What you'll do
- Design, build, and scale our data warehouse.
- Collaborate with Data Scientists, BI Analysts, Engineers, and Product Managers to gather requirements for specific datasets, reports, and model training.
- Research new data warehouse and data pipeline solutions. Identify requirements, build prototype implementations, propose adoption, and plan migration paths.
- Implement data pipelines that aggregate data from various sources and write to a variety of internal and external platforms. (Examples include S3, NetSuite, Salesforce, customer APIs.)
- Identify and resolve performance bottlenecks in SQL queries, workflows, and model training.
- Ensure availability of our production data stores and pipelines through building resilient systems, monitoring, alerting, team-wide on-call rotations, and triaging and resolving issues.
- Participate in blameless post-mortems and retrospectives that enable us to learn from both failures and successes in order to improve team process and software design.
- Our current data storage infrastructure is comprised of RedShift, PostgreSQL (Amazon RDS), DynamoDB, and Redis. We are hosted on AWS and leverage a variety of their services. We use Ruby and Python heavily throughout our production application and data infrastructure, along with bits of Java. We use Airflow to manage our ETL workflows and Amazon’s Database Migration Service for moving data around.
- Code review and continuous integration are important parts of all our production code, including data architecture. We use Github and CircleCI and write automated tests using RSpec and unittest.

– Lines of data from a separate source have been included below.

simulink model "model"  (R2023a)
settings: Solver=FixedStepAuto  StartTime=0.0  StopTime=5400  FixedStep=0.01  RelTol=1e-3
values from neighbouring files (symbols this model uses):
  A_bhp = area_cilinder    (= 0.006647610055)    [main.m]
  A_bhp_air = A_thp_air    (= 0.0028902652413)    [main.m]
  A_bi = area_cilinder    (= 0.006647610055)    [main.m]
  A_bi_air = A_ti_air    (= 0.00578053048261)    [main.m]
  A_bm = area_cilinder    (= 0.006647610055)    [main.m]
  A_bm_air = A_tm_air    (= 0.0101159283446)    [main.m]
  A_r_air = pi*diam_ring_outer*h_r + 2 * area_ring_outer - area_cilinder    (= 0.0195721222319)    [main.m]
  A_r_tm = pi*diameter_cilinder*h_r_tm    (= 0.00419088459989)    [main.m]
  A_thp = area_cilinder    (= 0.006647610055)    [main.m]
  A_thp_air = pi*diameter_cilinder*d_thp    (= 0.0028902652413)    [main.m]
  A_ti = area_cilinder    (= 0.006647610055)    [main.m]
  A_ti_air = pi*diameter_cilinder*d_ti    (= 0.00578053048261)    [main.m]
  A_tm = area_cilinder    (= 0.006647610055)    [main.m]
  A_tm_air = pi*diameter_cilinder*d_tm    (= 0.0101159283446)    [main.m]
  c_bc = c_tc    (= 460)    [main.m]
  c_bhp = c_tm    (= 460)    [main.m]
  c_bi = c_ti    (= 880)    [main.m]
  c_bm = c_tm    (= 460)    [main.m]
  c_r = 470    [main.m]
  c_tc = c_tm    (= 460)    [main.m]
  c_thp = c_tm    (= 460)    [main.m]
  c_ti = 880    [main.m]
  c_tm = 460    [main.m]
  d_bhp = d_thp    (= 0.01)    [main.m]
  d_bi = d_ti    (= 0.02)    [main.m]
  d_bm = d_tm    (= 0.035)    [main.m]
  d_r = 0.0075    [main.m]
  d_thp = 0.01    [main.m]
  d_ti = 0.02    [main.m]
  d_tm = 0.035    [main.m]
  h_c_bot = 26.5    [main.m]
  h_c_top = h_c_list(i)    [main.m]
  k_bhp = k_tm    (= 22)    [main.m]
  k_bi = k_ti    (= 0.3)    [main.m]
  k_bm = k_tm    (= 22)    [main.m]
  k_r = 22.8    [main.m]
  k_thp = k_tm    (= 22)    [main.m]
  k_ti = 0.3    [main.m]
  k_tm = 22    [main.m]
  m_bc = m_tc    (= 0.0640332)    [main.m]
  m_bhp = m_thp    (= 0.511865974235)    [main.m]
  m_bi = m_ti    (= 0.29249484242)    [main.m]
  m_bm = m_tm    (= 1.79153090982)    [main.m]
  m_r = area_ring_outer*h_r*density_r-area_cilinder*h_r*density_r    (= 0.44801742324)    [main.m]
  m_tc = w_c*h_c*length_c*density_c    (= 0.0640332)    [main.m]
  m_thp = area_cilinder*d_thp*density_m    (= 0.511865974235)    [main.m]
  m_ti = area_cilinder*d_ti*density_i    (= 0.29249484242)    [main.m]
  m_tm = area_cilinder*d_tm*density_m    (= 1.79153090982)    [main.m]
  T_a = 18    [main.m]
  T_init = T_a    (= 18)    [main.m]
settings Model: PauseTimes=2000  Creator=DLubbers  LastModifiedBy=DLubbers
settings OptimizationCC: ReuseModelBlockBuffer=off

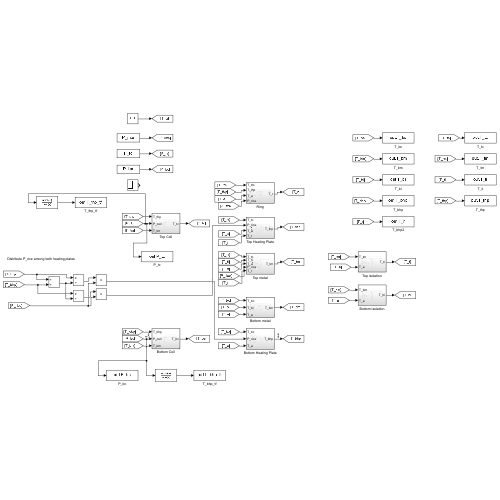
[thumbnail: Simulink's stored preview of the top-level diagram]
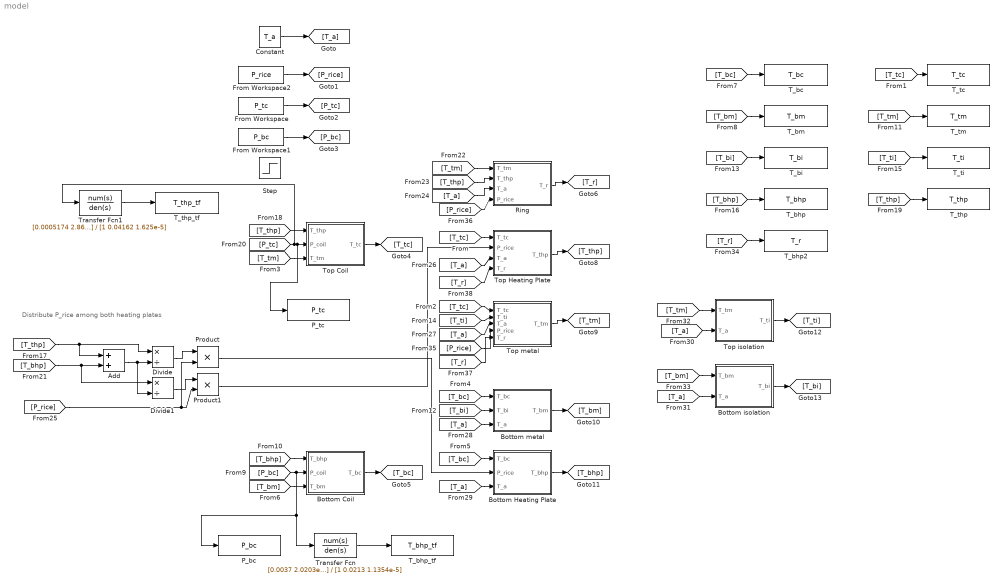
== system model ==
  note: Distribute P_rice among both heating plates
  Add : Sum
  Bottom Coil : Subsystem
  Bottom Heating Plate : Subsystem
  Bottom isolation : Subsystem
  Bottom metal : Subsystem
  Constant : Constant  Value=T_a
  Divide : Product  Inputs=*/
  Divide1 : Product  Inputs=*/
  From Workspace : FromWorkspace  VariableName=P_tc
  From Workspace1 : FromWorkspace  VariableName=P_bc
  From Workspace2 : FromWorkspace  VariableName=P_rice
  P_bc : ToWorkspace  VariableName=P_bc  SaveFormat=Timeseries  SampleTime=-1
  P_tc : ToWorkspace  VariableName=P_tc  SaveFormat=Timeseries  SampleTime=-1
  Product : Product
  Product1 : Product
  Ring : Subsystem
  Step : Step  After=150  SampleTime=0
  T_bc : ToWorkspace  VariableName=T_bc  SaveFormat=Timeseries  SampleTime=-1
  T_bhp : ToWorkspace  VariableName=T_bhp  SaveFormat=Timeseries  SampleTime=-1
  T_bhp2 : ToWorkspace  VariableName=T_r  SaveFormat=Timeseries  SampleTime=-1
  T_bhp_tf : ToWorkspace  VariableName=T_bhp_tf  SaveFormat=Timeseries  SampleTime=-1
  T_bi : ToWorkspace  VariableName=T_bi  SaveFormat=Timeseries  SampleTime=-1
  T_bm : ToWorkspace  VariableName=T_bm  SaveFormat=Timeseries  SampleTime=-1
  T_tc : ToWorkspace  VariableName=T_tc  SaveFormat=Timeseries  SampleTime=-1
  T_thp : ToWorkspace  VariableName=T_thp  SaveFormat=Timeseries  SampleTime=-1
  T_thp_tf : ToWorkspace  VariableName=T_thp_tf  SaveFormat=Timeseries  SampleTime=-1
  T_ti : ToWorkspace  VariableName=T_ti  SaveFormat=Timeseries  SampleTime=-1
  T_tm : ToWorkspace  VariableName=T_tm  SaveFormat=Timeseries  SampleTime=-1
  Top Coil : Subsystem
  Top Heating Plate : Subsystem
  Top isolation : Subsystem
  Top metal : Subsystem
  Transfer Fcn : TransferFcn  Numerator=[0.0037 2.0203e-5]  Denominator=[1 0.0213 1.1354e-5]
  Transfer Fcn1 : TransferFcn  Numerator=[0.0005174 2.864e-5]  Denominator=[1 0.04162 1.625e-5]
  wires:
  Constant/1 -> [T_a]
  From Workspace2/1 -> [P_rice]
  Top Coil/1(T_tc) -> [T_tc]
  Top Heating Plate/1(T_thp) -> [T_thp]
  Top metal/1(T_tm) -> [T_tm]
  Bottom metal/1(T_bm) -> [T_bm]
  Bottom Heating Plate/1(T_bhp) -> [T_bhp]
  Top isolation/1(T_ti) -> [T_ti]
  Bottom isolation/1(T_bi) -> [T_bi]
  [T_tc] -> Top Heating Plate/1(T_tc)
  [T_tc] -> T_tc/1
  [T_tc] -> Top metal/1(T_tc)
  [T_bc] -> Bottom metal/1(T_bc)
  [T_bc] -> Bottom Heating Plate/1(T_bc)
  [T_bc] -> T_bc/1
  [T_bm] -> T_bm/1
  [T_tm] -> T_tm/1
  [T_bi] -> Bottom metal/2(T_bi)
  [T_bi] -> T_bi/1
  [T_ti] -> Top metal/2(T_ti)
  [T_ti] -> T_ti/1
  [T_bhp] -> T_bhp/1
  [T_thp] -> Top Coil/1(T_thp)
  [T_thp] -> T_thp/1
  [P_tc] -> Transfer Fcn1/1, P_tc/1, Top Coil/2(P_coil)
  [T_a] -> Top Heating Plate/3(T_a)
  [T_a] -> Top metal/3(T_a)
  [T_a] -> Bottom metal/3(T_a)
  [T_a] -> Bottom Heating Plate/3(T_a)
  [T_a] -> Top isolation/2(T_a)
  [T_a] -> Bottom isolation/2(T_a)
  [T_tm] -> Top isolation/1(T_tm)
  [T_bm] -> Bottom isolation/1(T_bm)
  [T_tm] -> Top Coil/3(T_tm)
  [T_bm] -> Bottom Coil/3(T_bm)
  [T_bhp] -> Bottom Coil/1(T_bhp)
  Bottom Coil/1(T_bc) -> [T_bc]
  Transfer Fcn/1 -> T_bhp_tf/1
  [P_bc] -> P_bc/1, Transfer Fcn/1, Bottom Coil/2(P_coil)
  [T_tm] -> Ring/1(T_tm)
  [T_thp] -> Ring/2(T_thp)
  [T_a] -> Ring/3(T_a)
  Ring/1(T_r) -> [T_r]
  [T_r] -> T_bhp2/1
  [T_r] -> Top Heating Plate/4(T_r)
  [T_thp] -> Divide/1, Add/1
  [T_bhp] -> Divide1/1, Add/2
  [P_rice] -> Product/2, Product1/2
  [P_rice] -> Top metal/4(P_rice)
  [T_r] -> Top metal/5(T_r)
  Add/1 -> Divide1/2, Divide/2
  Divide/1 -> Product/1
  Divide1/1 -> Product1/1
  Product/1 -> Bottom Heating Plate/2(P_rice)
  Product1/1 -> Top Heating Plate/2(P_rice)
  [P_rice] -> Ring/4(P_rice)
  Transfer Fcn1/1 -> T_thp_tf/1
  From Workspace1/1 -> [P_bc]
  From Workspace/1 -> [P_tc]

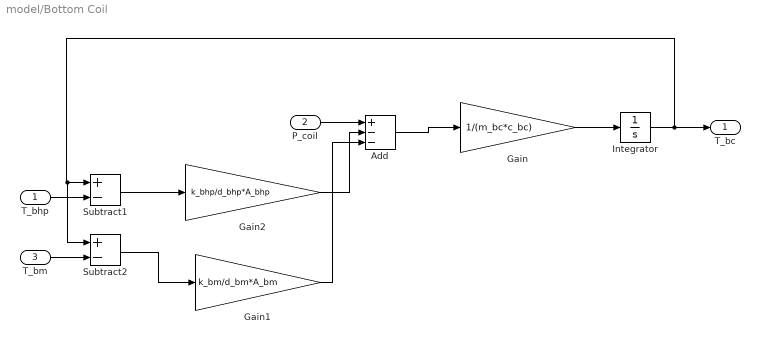
== system model/Bottom Coil ==
  T_bhp : Inport
  P_coil : Inport  Port=2
  T_bm : Inport  Port=3
  Add : Sum  Inputs=+--
  Gain : Gain  Gain=1/(m_bc*c_bc)
  Gain1 : Gain  Gain=k_bm/d_bm*A_bm
  Gain2 : Gain  Gain=k_bhp/d_bhp*A_bhp
  Integrator : Integrator  InitialCondition=T_init
  Subtract1 : Sum  Inputs=+-
  Subtract2 : Sum  Inputs=+-
  T_bc : Outport
  wires:
  Gain/1 -> Integrator/1
  Add/1 -> Gain/1
  Subtract1/1 -> Gain2/1
  Gain2/1 -> Add/2
  T_bhp/1 -> Subtract1/2
  Integrator/1 -> T_bc/1, Subtract2/1, Subtract1/1
  P_coil/1 -> Add/1
  T_bm/1 -> Subtract2/2
  Subtract2/1 -> Gain1/1
  Gain1/1 -> Add/3

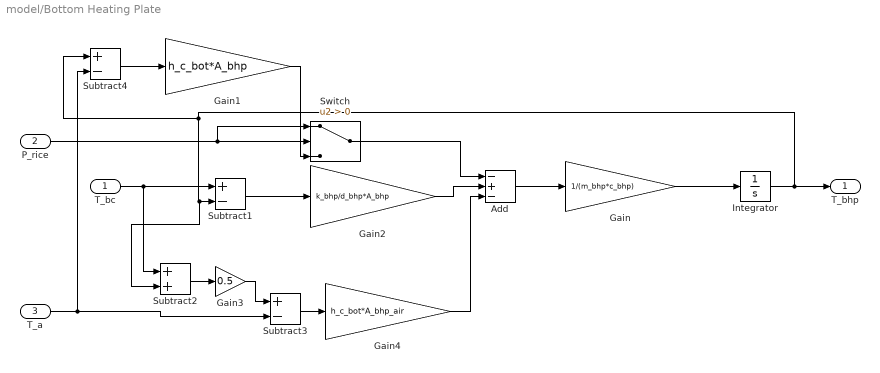
== system model/Bottom Heating Plate ==
  T_bc : Inport
  P_rice : Inport  Port=2
  T_a : Inport  Port=3
  Add : Sum  Inputs=-+-
  Gain : Gain  Gain=1/(m_bhp*c_bhp)
  Gain1 : Gain  Gain=h_c_bot*A_bhp
  Gain2 : Gain  Gain=k_bhp/d_bhp*A_bhp
  Gain3 : Gain  Gain=0.5
  Gain4 : Gain  Gain=h_c_bot*A_bhp_air
  Integrator : Integrator  InitialCondition=T_init
  Subtract1 : Sum  Inputs=+-
  Subtract2 : Sum
  Subtract3 : Sum  Inputs=+-
  Subtract4 : Sum  Inputs=+-
  Switch : Switch  Criteria=u2 > Threshold  SaturateOnIntegerOverflow=off  InputSameDT=off
  T_bhp : Outport
  wires:
  P_rice/1 -> Switch/1, Switch/2
  Gain/1 -> Integrator/1
  Integrator/1 -> T_bhp/1, Subtract4/1, Subtract2/2, Subtract1/2
  Add/1 -> Gain/1
  Subtract1/1 -> Gain2/1
  T_bc/1 -> Subtract2/1, Subtract1/1
  Subtract3/1 -> Gain4/1
  T_a/1 -> Subtract4/2, Subtract3/2
  Subtract2/1 -> Gain3/1
  Gain3/1 -> Subtract3/1
  Gain2/1 -> Add/2
  Gain4/1 -> Add/3
  Switch/1 -> Add/1
  Gain1/1 -> Switch/3
  Subtract4/1 -> Gain1/1

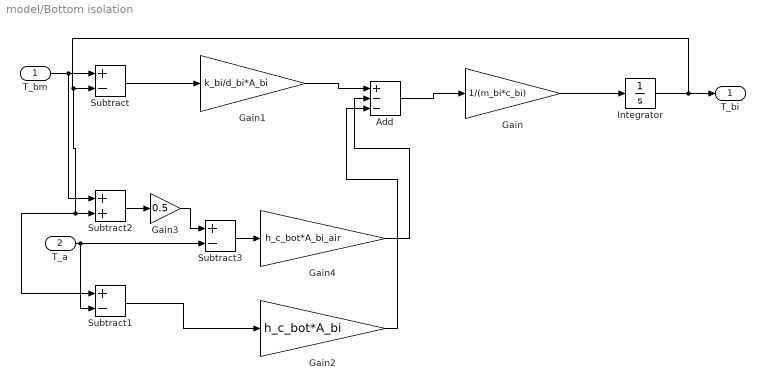
== system model/Bottom isolation ==
  T_bm : Inport
  T_a : Inport  Port=2
  Add : Sum  Inputs=+--
  Gain : Gain  Gain=1/(m_bi*c_bi)
  Gain1 : Gain  Gain=k_bi/d_bi*A_bi
  Gain2 : Gain  Gain=h_c_bot*A_bi
  Gain3 : Gain  Gain=0.5
  Gain4 : Gain  Gain=h_c_bot*A_bi_air
  Integrator : Integrator  InitialCondition=T_init
  Subtract : Sum  Inputs=+-
  Subtract1 : Sum  Inputs=+-
  Subtract2 : Sum
  Subtract3 : Sum  Inputs=+-
  T_bi : Outport
  wires:
  Subtract/1 -> Gain1/1
  Gain/1 -> Integrator/1
  Add/1 -> Gain/1
  Integrator/1 -> Subtract2/2, Subtract1/1, Subtract/2, T_bi/1
  T_bm/1 -> Subtract2/1, Subtract/1
  Gain1/1 -> Add/1
  Subtract2/1 -> Gain3/1
  Gain3/1 -> Subtract3/1
  T_a/1 -> Subtract1/2, Subtract3/2
  Subtract3/1 -> Gain4/1
  Gain4/1 -> Add/2
  Gain2/1 -> Add/3
  Subtract1/1 -> Gain2/1

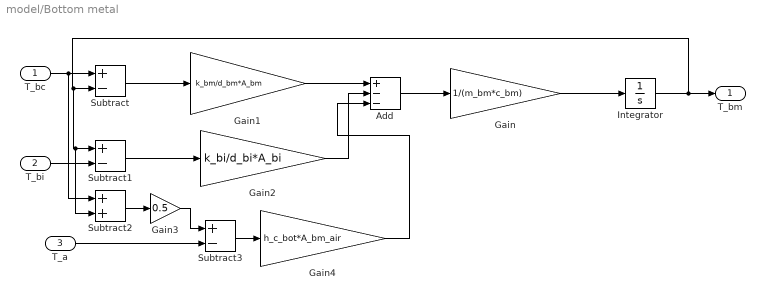
== system model/Bottom metal ==
  T_bc : Inport
  T_bi : Inport  Port=2
  T_a : Inport  Port=3
  Add : Sum  Inputs=+--
  Gain : Gain  Gain=1/(m_bm*c_bm)
  Gain1 : Gain  Gain=k_bm/d_bm*A_bm
  Gain2 : Gain  Gain=k_bi/d_bi*A_bi
  Gain3 : Gain  Gain=0.5
  Gain4 : Gain  Gain=h_c_bot*A_bm_air
  Integrator : Integrator  InitialCondition=T_init
  Subtract : Sum  Inputs=+-
  Subtract1 : Sum  Inputs=+-
  Subtract2 : Sum
  Subtract3 : Sum  Inputs=+-
  T_bm : Outport
  wires:
  Subtract/1 -> Gain1/1
  Gain/1 -> Integrator/1
  Add/1 -> Gain/1
  Subtract1/1 -> Gain2/1
  T_bi/1 -> Subtract1/2
  Integrator/1 -> Subtract2/2, Subtract1/1, Subtract/2, T_bm/1
  T_bc/1 -> Subtract2/1, Subtract/1
  Gain1/1 -> Add/1
  Gain2/1 -> Add/2
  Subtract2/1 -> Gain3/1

- Bachelor’s degree in a STEM or quantitative field, or have equivalent training or work experience.
- Minimum of 2-years professional software engineering experience (strong preference for experience in data engineering roles or data-intensive environments).
- Fluency in at least one programming language (Python, Ruby, C++, Java, or Go preferred).
- Proficiency with SQL, schema design, and query optimization.
- Experience with Linux command line and shell scripts.
- Working knowledge of data warehouses, data pipelines, and schedulers.
- Experience with cloud infrastructure on AWS, Google Cloud, or Azure.
- You take pride in your work and the quality of products you build.
- You value collaboration and enjoy teaching and learning from peers.
- You speak up when you see something wrong and support your opinions with data.